• TASK MATERIAL:
Segment Open

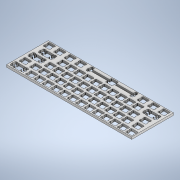
# Autodesk Inventor part: plate
Saved by Autodesk Inventor 2022 (Build 260153000, 153)
## iProperties
Created: 2022-03-01
Part Number: plate
Material: Generic
Document SubType Name: Modeling
Designer: Nathan Griffith
Density: 1 g/cm^3
Appearance: Default
Author: Nathan Griffith
Autodesk Inventor part; units mm, degrees
(part 1 of 2)
ref_plane "YZ Plane" through (0, 0, 0) normal (1, 0, 0) x (0, 1, 0)
ref_plane "XZ Plane" through (0, 0, 0) normal (0, 1, 0) x (-1, 0, 0)
ref_plane "XY Plane" through (0, 0, 0) normal (0, 0, 1) x (1, 0, 0)
sketch "Sketch1" plane through (0, 0, 0) normal (0, 1, 0) x (-1, 0, 0)
  line L0 (0.0951, 95.5075) -> (285.845, 95.5075)
  line L1 (285.845, 95.5075) -> (285.845, 0.2577)
  line L2 (285.845, 0.2577) -> (0.0951, 0.2577)
  line L3 (0.0951, 0.2577) -> (0.0951, 95.5075)
  line L4 (124.062, 16.7831) -> (124.062, 15.7827)
  line L5 (124.062, 15.7827) -> (123.263, 15.7827)
  line L6 (123.263, 15.7827) -> (123.263, 12.6848)
  line L7 (123.263, 12.6848) -> (124.062, 12.6848)
  line L8 (124.062, 12.6848) -> (124.062, 12.0826)
  line L9 (124.062, 12.0826) -> (84.4381, 12.0826)
  line L10 (84.4381, 12.0826) -> (84.4381, 15.3128)
  line L11 (84.4381, 15.3128) -> (82.7126, 15.3128)
  line L12 (82.7126, 15.3128) -> (82.7126, 16.2347)
  line L13 (82.7126, 16.2347) -> (79.412, 16.2347)
  line L14 (79.412, 16.2347) -> (79.412, 15.3128)
  line L15 (79.412, 15.3128) -> (77.687, 15.3128)
  line L16 (77.687, 15.3128) -> (77.687, 12.0826)
  line L17 (77.687, 12.0826) -> (76.8629, 12.0826)
  line L18 (76.8629, 12.0826) -> (76.8629, 9.2838)
  line L19 (76.8629, 9.2838) -> (77.687, 9.2838)
  line L20 (77.687, 9.2838) -> (77.687, 3.0138)
  line L21 (77.687, 3.0138) -> (79.412, 3.0138)
  line L22 (79.412, 3.0138) -> (79.412, 2.0326)
  line L23 (79.412, 2.0326) -> (82.7126, 2.0326)
  line L24 (82.7126, 2.0326) -> (82.7126, 3.0138)
  line L25 (82.7126, 3.0138) -> (84.4381, 3.0138)
  line L26 (84.4381, 3.0138) -> (84.4381, 7.4841)
  line L27 (84.4381, 7.4841) -> (124.062, 7.4841)
  line L28 (124.062, 7.4841) -> (124.062, 6.8833)
  line L29 (124.062, 6.8833) -> (123.263, 6.8833)
  line L30 (123.263, 6.8833) -> (123.263, 3.7827)
  line L31 (123.263, 3.7827) -> (124.062, 3.7827)
  line L32 (124.062, 3.7827) -> (124.062, 2.7836)
  line L33 (124.062, 2.7836) -> (138.063, 2.7836)
  line L34 (138.063, 2.7836) -> (138.063, 3.7827)
  line L35 (138.063, 3.7827) -> (138.862, 3.7827)
  line L36 (138.862, 3.7827) -> (138.862, 6.8833)
  line L37 (138.862, 6.8833) -> (138.063, 6.8833)
  line L38 (138.063, 6.8833) -> (138.063, 7.4841)
  line L39 (138.063, 7.4841) -> (177.687, 7.4841)
  line L40 (177.687, 7.4841) -> (177.687, 3.0138)
  line L41 (177.687, 3.0138) -> (179.412, 3.0138)
  line L42 (179.412, 3.0138) -> (179.412, 2.0326)
  line L43 (179.412, 2.0326) -> (182.713, 2.0326)
  line L44 (182.713, 2.0326) -> (182.713, 3.0138)
  line L45 (182.713, 3.0138) -> (184.438, 3.0138)
  line L46 (184.438, 3.0138) -> (184.438, 9.2838)
  line L47 (184.438, 9.2838) -> (185.262, 9.2838)
  line L48 (185.262, 9.2838) -> (185.262, 12.0826)
  line L49 (185.262, 12.0826) -> (184.438, 12.0826)
  line L50 (184.438, 12.0826) -> (184.438, 15.3128)
  line L51 (184.438, 15.3128) -> (182.713, 15.3128)
  line L52 (182.713, 15.3128) -> (182.713, 16.2347)
  line L53 (182.713, 16.2347) -> (179.412, 16.2347)
  line L54 (179.412, 16.2347) -> (179.412, 15.3128)
  line L55 (179.412, 15.3128) -> (177.687, 15.3128)
  line L56 (177.687, 15.3128) -> (177.687, 12.0826)
  line L57 (177.687, 12.0826) -> (138.063, 12.0826)
  line L58 (138.063, 12.0826) -> (138.063, 12.6848)
  line L59 (138.063, 12.6848) -> (138.862, 12.6848)
  line L60 (138.862, 12.6848) -> (138.862, 15.7827)
  line L61 (138.862, 15.7827) -> (138.063, 15.7827)
  line L62 (138.063, 15.7827) -> (138.063, 16.7831)
  line L63 (138.063, 16.7831) -> (124.062, 16.7831)
  line L64 (266.937, 16.7831) -> (266.937, 15.7827)
  line L65 (266.937, 15.7827) -> (266.138, 15.7827)
  line L66 (266.138, 15.7827) -> (266.138, 12.6848)
  line L67 (266.138, 12.6848) -> (266.937, 12.6848)
  line L68 (266.937, 12.6848) -> (266.937, 6.8833)
  line L69 (266.937, 6.8833) -> (266.138, 6.8833)
  line L70 (266.138, 6.8833) -> (266.138, 3.7827)
  line L71 (266.138, 3.7827) -> (266.937, 3.7827)
  line L72 (266.937, 3.7827) -> (266.937, 2.7836)
  line L73 (266.937, 2.7836) -> (280.938, 2.7836)
  line L74 (280.938, 2.7836) -> (280.938, 3.7827)
  line L75 (280.938, 3.7827) -> (281.737, 3.7827)
  line L76 (281.737, 3.7827) -> (281.737, 6.8833)
  line L77 (281.737, 6.8833) -> (280.938, 6.8833)
  line L78 (280.938, 6.8833) -> (280.938, 12.6848)
  line L79 (280.938, 12.6848) -> (281.737, 12.6848)
  line L80 (281.737, 12.6848) -> (281.737, 15.7827)
  line L81 (281.737, 15.7827) -> (280.938, 15.7827)
  line L82 (280.938, 15.7827) -> (280.938, 16.7831)
  line L83 (280.938, 16.7831) -> (266.937, 16.7831)
  line L84 (243.126, 16.7831) -> (243.126, 15.7827)
  line L85 (243.126, 15.7827) -> (242.325, 15.7827)
  line L86 (242.325, 15.7827) -> (242.325, 12.6848)
  line L87 (242.325, 12.6848) -> (243.126, 12.6848)
  line L88 (243.126, 12.6848) -> (243.126, 6.8833)
  line L89 (243.126, 6.8833) -> (242.325, 6.8833)
  line L90 (242.325, 6.8833) -> (242.325, 3.7827)
  line L91 (242.325, 3.7827) -> (243.126, 3.7827)
  line L92 (243.126, 3.7827) -> (243.126, 2.7836)
  line L93 (243.126, 2.7836) -> (257.125, 2.7836)
  line L94 (257.125, 2.7836) -> (257.125, 3.7827)
  line L95 (257.125, 3.7827) -> (257.926, 3.7827)
  line L96 (257.926, 3.7827) -> (257.926, 6.8833)
  line L97 (257.926, 6.8833) -> (257.125, 6.8833)
  line L98 (257.125, 6.8833) -> (257.125, 12.6848)
  line L99 (257.125, 12.6848) -> (257.926, 12.6848)
  line L100 (257.926, 12.6848) -> (257.926, 15.7827)
  line L101 (257.926, 15.7827) -> (257.125, 15.7827)
  line L102 (257.125, 15.7827) -> (257.125, 16.7831)
  line L103 (257.125, 16.7831) -> (243.126, 16.7831)
  line L104 (219.312, 16.7831) -> (219.312, 15.7827)
  line L105 (219.312, 15.7827) -> (218.513, 15.7827)
  line L106 (218.513, 15.7827) -> (218.513, 12.6848)
  line L107 (218.513, 12.6848) -> (219.312, 12.6848)
  line L108 (219.312, 12.6848) -> (219.312, 6.8833)
  line L109 (219.312, 6.8833) -> (218.513, 6.8833)
  line L110 (218.513, 6.8833) -> (218.513, 3.7827)
  line L111 (218.513, 3.7827) -> (219.312, 3.7827)
  line L112 (219.312, 3.7827) -> (219.312, 2.7836)
  line L113 (219.312, 2.7836) -> (233.313, 2.7836)
  line L114 (233.313, 2.7836) -> (233.313, 3.7827)
  line L115 (233.313, 3.7827) -> (234.112, 3.7827)
  line L116 (234.112, 3.7827) -> (234.112, 6.8833)
  line L117 (234.112, 6.8833) -> (233.313, 6.8833)
  line L118 (233.313, 6.8833) -> (233.313, 12.6848)
  line L119 (233.313, 12.6848) -> (234.112, 12.6848)
  line L120 (234.112, 12.6848) -> (234.112, 15.7827)
  line L121 (234.112, 15.7827) -> (233.313, 15.7827)
  line L122 (233.313, 15.7827) -> (233.313, 16.7831)
  line L123 (233.313, 16.7831) -> (219.312, 16.7831)
  line L124 (195.501, 16.7831) -> (195.501, 15.7827)
  line L125 (195.501, 15.7827) -> (194.7, 15.7827)
  line L126 (194.7, 15.7827) -> (194.7, 12.6848)
  line L127 (194.7, 12.6848) -> (195.501, 12.6848)
  line L128 (195.501, 12.6848) -> (195.501, 6.8833)
  line L129 (195.501, 6.8833) -> (194.7, 6.8833)
  line L130 (194.7, 6.8833) -> (194.7, 3.7827)
  line L131 (194.7, 3.7827) -> (195.501, 3.7827)
  line L132 (195.501, 3.7827) -> (195.501, 2.7836)
  line L133 (195.501, 2.7836) -> (209.5, 2.7836)
  line L134 (209.5, 2.7836) -> (209.5, 3.7827)
  line L135 (209.5, 3.7827) -> (210.301, 3.7827)
  line L136 (210.301, 3.7827) -> (210.301, 6.8833)
  line L137 (210.301, 6.8833) -> (209.5, 6.8833)
  line L138 (209.5, 6.8833) -> (209.5, 12.6848)
  line L139 (209.5, 12.6848) -> (210.301, 12.6848)
  line L140 (210.301, 12.6848) -> (210.301, 15.7827)
  line L141 (210.301, 15.7827) -> (209.5, 15.7827)
  line L142 (209.5, 15.7827) -> (209.5, 16.7831)
  line L143 (209.5, 16.7831) -> (195.501, 16.7831)
  line L144 (52.626, 16.7831) -> (52.626, 15.7827)
  line L145 (52.626, 15.7827) -> (51.8252, 15.7827)
  line L146 (51.8252, 15.7827) -> (51.8252, 12.6848)
  line L147 (51.8252, 12.6848) -> (52.626, 12.6848)
  line L148 (52.626, 12.6848) -> (52.626, 6.8833)
  line L149 (52.626, 6.8833) -> (51.8252, 6.8833)
  line L150 (51.8252, 6.8833) -> (51.8252, 3.7827)
  line L151 (51.8252, 3.7827) -> (52.626, 3.7827)
  line L152 (52.626, 3.7827) -> (52.626, 2.7836)
  line L153 (52.626, 2.7836) -> (66.6253, 2.7836)
  line L154 (66.6253, 2.7836) -> (66.6253, 3.7827)
  line L155 (66.6253, 3.7827) -> (67.4261, 3.7827)
  line L156 (67.4261, 3.7827) -> (67.4261, 6.8833)
  line L157 (67.4261, 6.8833) -> (66.6253, 6.8833)
  line L158 (66.6253, 6.8833) -> (66.6253, 12.6848)
  line L159 (66.6253, 12.6848) -> (67.4261, 12.6848)
  line L160 (67.4261, 12.6848) -> (67.4261, 15.7827)
  line L161 (67.4261, 15.7827) -> (66.6253, 15.7827)
  line L162 (66.6253, 15.7827) -> (66.6253, 16.7831)
  line L163 (66.6253, 16.7831) -> (52.626, 16.7831)
  line L164 (28.812, 16.7831) -> (28.812, 15.7827)
  line L165 (28.812, 15.7827) -> (28.0128, 15.7827)
  line L166 (28.0128, 15.7827) -> (28.0128, 12.6848)
  line L167 (28.0128, 12.6848) -> (28.812, 12.6848)
  line L168 (28.812, 12.6848) -> (28.812, 6.8833)
  line L169 (28.812, 6.8833) -> (28.0128, 6.8833)
  line L170 (28.0128, 6.8833) -> (28.0128, 3.7827)
  line L171 (28.0128, 3.7827) -> (28.812, 3.7827)
  line L172 (28.812, 3.7827) -> (28.812, 2.7836)
  line L173 (28.812, 2.7836) -> (42.8128, 2.7836)
  line L174 (42.8128, 2.7836) -> (42.8128, 3.7827)
  line L175 (42.8128, 3.7827) -> (43.6122, 3.7827)
  line L176 (43.6122, 3.7827) -> (43.6122, 6.8833)
  line L177 (43.6122, 6.8833) -> (42.8128, 6.8833)
  line L178 (42.8128, 6.8833) -> (42.8128, 12.6848)
  line L179 (42.8128, 12.6848) -> (43.6122, 12.6848)
  line L180 (43.6122, 12.6848) -> (43.6122, 15.7827)
  line L181 (43.6122, 15.7827) -> (42.8128, 15.7827)
  line L182 (42.8128, 15.7827) -> (42.8128, 16.7831)
  line L183 (42.8128, 16.7831) -> (28.812, 16.7831)
  line L184 (5.0009, 16.7831) -> (5.0009, 15.7827)
  line L185 (5.0009, 15.7827) -> (4.2003, 15.7827)
  line L186 (4.2003, 15.7827) -> (4.2003, 12.6848)
  line L187 (4.2003, 12.6848) -> (5.0009, 12.6848)
  line L188 (5.0009, 12.6848) -> (5.0009, 6.8833)
  line L189 (5.0009, 6.8833) -> (4.2003, 6.8833)
  line L190 (4.2003, 6.8833) -> (4.2003, 3.7827)
  line L191 (4.2003, 3.7827) -> (5.0009, 3.7827)
  line L192 (5.0009, 3.7827) -> (5.0009, 2.7836)
  line L193 (5.0009, 2.7836) -> (19.0004, 2.7836)
  line L194 (19.0004, 2.7836) -> (19.0004, 3.7827)
  line L195 (19.0004, 3.7827) -> (19.801, 3.7827)
  line L196 (19.801, 3.7827) -> (19.801, 6.8833)
  line L197 (19.801, 6.8833) -> (19.0004, 6.8833)
  line L198 (19.0004, 6.8833) -> (19.0004, 12.6848)
  line L199 (19.0004, 12.6848) -> (19.801, 12.6848)
  line L200 (19.801, 12.6848) -> (19.801, 15.7827)
  line L201 (19.801, 15.7827) -> (19.0004, 15.7827)
  line L202 (19.0004, 15.7827) -> (19.0004, 16.7831)
  line L203 (19.0004, 16.7831) -> (5.0009, 16.7831)
  line L204 (252.65, 35.833) -> (252.65, 34.8327)
  line L205 (252.65, 34.8327) -> (251.849, 34.8327)
  line L206 (251.849, 34.8327) -> (251.849, 31.7348)
  line L207 (251.849, 31.7348) -> (252.65, 31.7348)
  line L208 (252.65, 31.7348) -> (252.65, 31.1326)
  line L209 (252.65, 31.1326) -> (251.126, 31.1326)
  line L210 (251.126, 31.1326) -> (251.126, 34.3628)
  line L211 (251.126, 34.3628) -> (249.4, 34.3628)
  line L212 (249.4, 34.3628) -> (249.4, 35.2848)
  line L213 (249.4, 35.2848) -> (246.101, 35.2848)
  line L214 (246.101, 35.2848) -> (246.101, 34.3628)
  line L215 (246.101, 34.3628) -> (244.376, 34.3628)
  line L216 (244.376, 34.3628) -> (244.376, 31.1326)
  line L217 (244.376, 31.1326) -> (243.55, 31.1326)
  line L218 (243.55, 31.1326) -> (243.55, 28.3338)
  line L219 (243.55, 28.3338) -> (244.376, 28.3338)
  line L220 (244.376, 28.3338) -> (244.376, 22.0638)
  line L221 (244.376, 22.0638) -> (246.101, 22.0638)
  line L222 (246.101, 22.0638) -> (246.101, 21.0826)
  line L223 (246.101, 21.0826) -> (249.4, 21.0826)
  line L224 (249.4, 21.0826) -> (249.4, 22.0638)
  line L225 (249.4, 22.0638) -> (251.126, 22.0638)
  line L226 (251.126, 22.0638) -> (251.126, 26.5327)
  line L227 (251.126, 26.5327) -> (252.65, 26.5327)
  line L228 (252.65, 26.5327) -> (252.65, 25.9333)
  line L229 (252.65, 25.9333) -> (251.849, 25.9333)
  line L230 (251.849, 25.9333) -> (251.849, 22.8327)
  line L231 (251.849, 22.8327) -> (252.65, 22.8327)
  line L232 (252.65, 22.8327) -> (252.65, 21.8336)
  line L233 (252.65, 21.8336) -> (266.65, 21.8336)
  line L234 (266.65, 21.8336) -> (266.65, 22.8327)
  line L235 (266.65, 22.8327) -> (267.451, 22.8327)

Segment Closed

• AIM OF THE TASK: Look above for the line with "line L147 (51.8252, 12.6848)" and the line with "line L176 (43.6122, 3.7827)", and reproduce exactly those two lines plus every line between, nothing more.

• WRITTEN ANSWER:
  line L147 (51.8252, 12.6848) -> (52.626, 12.6848)
  line L148 (52.626, 12.6848) -> (52.626, 6.8833)
  line L149 (52.626, 6.8833) -> (51.8252, 6.8833)
  line L150 (51.8252, 6.8833) -> (51.8252, 3.7827)
  line L151 (51.8252, 3.7827) -> (52.626, 3.7827)
  line L152 (52.626, 3.7827) -> (52.626, 2.7836)
  line L153 (52.626, 2.7836) -> (66.6253, 2.7836)
  line L154 (66.6253, 2.7836) -> (66.6253, 3.7827)
  line L155 (66.6253, 3.7827) -> (67.4261, 3.7827)
  line L156 (67.4261, 3.7827) -> (67.4261, 6.8833)
  line L157 (67.4261, 6.8833) -> (66.6253, 6.8833)
  line L158 (66.6253, 6.8833) -> (66.6253, 12.6848)
  line L159 (66.6253, 12.6848) -> (67.4261, 12.6848)
  line L160 (67.4261, 12.6848) -> (67.4261, 15.7827)
  line L161 (67.4261, 15.7827) -> (66.6253, 15.7827)
  line L162 (66.6253, 15.7827) -> (66.6253, 16.7831)
  line L163 (66.6253, 16.7831) -> (52.626, 16.7831)
  line L164 (28.812, 16.7831) -> (28.812, 15.7827)
  line L165 (28.812, 15.7827) -> (28.0128, 15.7827)
  line L166 (28.0128, 15.7827) -> (28.0128, 12.6848)
  line L167 (28.0128, 12.6848) -> (28.812, 12.6848)
  line L168 (28.812, 12.6848) -> (28.812, 6.8833)
  line L169 (28.812, 6.8833) -> (28.0128, 6.8833)
  line L170 (28.0128, 6.8833) -> (28.0128, 3.7827)
  line L171 (28.0128, 3.7827) -> (28.812, 3.7827)
  line L172 (28.812, 3.7827) -> (28.812, 2.7836)
  line L173 (28.812, 2.7836) -> (42.8128, 2.7836)
  line L174 (42.8128, 2.7836) -> (42.8128, 3.7827)
  line L175 (42.8128, 3.7827) -> (43.6122, 3.7827)
  line L176 (43.6122, 3.7827) -> (43.6122, 6.8833)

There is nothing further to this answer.